The present technology relates to an electrolytic solution, to a secondary battery that uses the electrolytic solution, and to a battery pack, an electric vehicle, an electric power storage system, an electric power tool, and an electronic apparatus that use the secondary battery.
In recent years, various electronic apparatuses such as mobile phones and personal digital assistants (PDAs) have been widely used, and it has been demanded to further reduce the size and the weight of the electronic apparatuses and to achieve their long life. Accordingly, a battery, in particular, a small and light-weight secondary battery capable of providing high energy density has been developed as an electric power source. In these days, it has been considered to apply such a secondary battery to various applications other than the above-described electronic apparatuses. Typical example of the other applications include battery packs attachably and detachably mounted on electronic apparatuses or the like, electric vehicles such as electric automobiles, electric power storage systems such as home electric power servers, and electric power tools such as electric drills.

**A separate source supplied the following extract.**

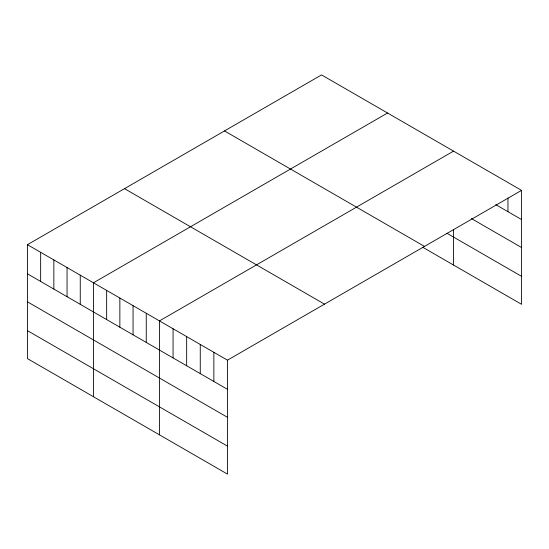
<?xml version="1.0" encoding="UTF-8"?>
<svg xmlns="http://www.w3.org/2000/svg" width="549" height="549" viewBox="0 0 549 549"><rect width="100%" height="100%" fill="white"/><g stroke="black" fill="none" stroke-linecap="round" stroke-linejoin="round"><path stroke-width="0.82" d="M27.45 244.689L227.464 360.165L227.464 474.096L27.45 358.621L27.45 244.689L321.536 74.904L521.55 190.379L521.55 304.311L422.744 247.263M387.539 113.012L93.454 282.797L93.454 396.728M453.543 151.119L159.464 320.904L159.464 434.835M227.464 360.165L521.55 190.379M495.781 204.653L521.55 219.531M471.44 218.577L521.55 247.51M446.941 233.263L521.55 276.332M224.486 130.93L424.501 246.412M124.499 188.657L324.514 304.139M27.45 273.841L227.464 389.323M27.45 301.82L227.464 417.295M27.45 330.642L227.464 446.124M507.949 197.963L507.949 211.681M453.543 229.441L453.543 265.05M213.863 352.314L213.863 381.466M200.261 344.463L200.261 373.615M186.66 336.612L186.66 365.764M173.065 328.755L173.065 357.907M146.26 313.28L146.26 342.439M133.057 305.663L133.057 334.815M119.86 298.038L119.86 327.19M106.657 290.421L106.657 319.573M80.257 275.173L80.257 304.331M67.053 267.555L67.053 296.707M53.85 259.931L53.85 289.083M40.653 252.314L40.653 281.465"/></g></svg>

Secondary batteries have been proposed that utilizes various charge and discharge principles in order to obtain battery capacity. In particular, secondary batteries that utilize insertion and extraction of electrode reactants and secondary batteries that utilize precipitation and dissolution of electrode reactants have attracted attention, since such secondary batteries achieve higher energy density than batteries such as lead batteries and nickel cadmium batteries.
A secondary battery includes a cathode, an anode, and an electrolytic solution. The electrolytic solution includes a solvent and an electrolyte salt. The electrolytic solution that functions as an intermediate in charge and discharge reactions largely influences performance of the secondary battery. Therefore, in order to improve battery characteristics, it is considered to add various additives to the electrolytic solution.
Specifically, when an oxide-based cathode active material is used, a cyanoacetate ester such as methyl cyanoacetate is used in order to suppress decomposition of the electrolytic solution even when an over voltage of a cathode is increased upon electric charge (for example, see Japanese Unexamined Patent Application Publication No. 2011-071083). In order to improve cycle characteristics, for example, succinonitrile, 1,6-dicyano hexane, or the like is used (for example, see Japanese Unexamined Patent Application Publication No. 2010-225522). In order to improve ion conductivity, cyano ester or chain cyano ester carbonate is used (for example see US Patent Application Publication No. 2005/0123835). The cyano ester is CN—C(CH3)2—O—C(═O)—CH3 or the like, and the chain cyano ester carbonate is CN—C(CH3)2—O—C—(═O)—O—CH3 or the like. In order to retain stable dissolution state of an electrolytic solution, a chain saturated hydrocarbon dinitrile compound or the like is used in which nitrile groups are bonded to both terminals of a chain saturated hydrocarbon compound (for example, see Japanese Unexamined Patent Application Publication No. 2011-154783).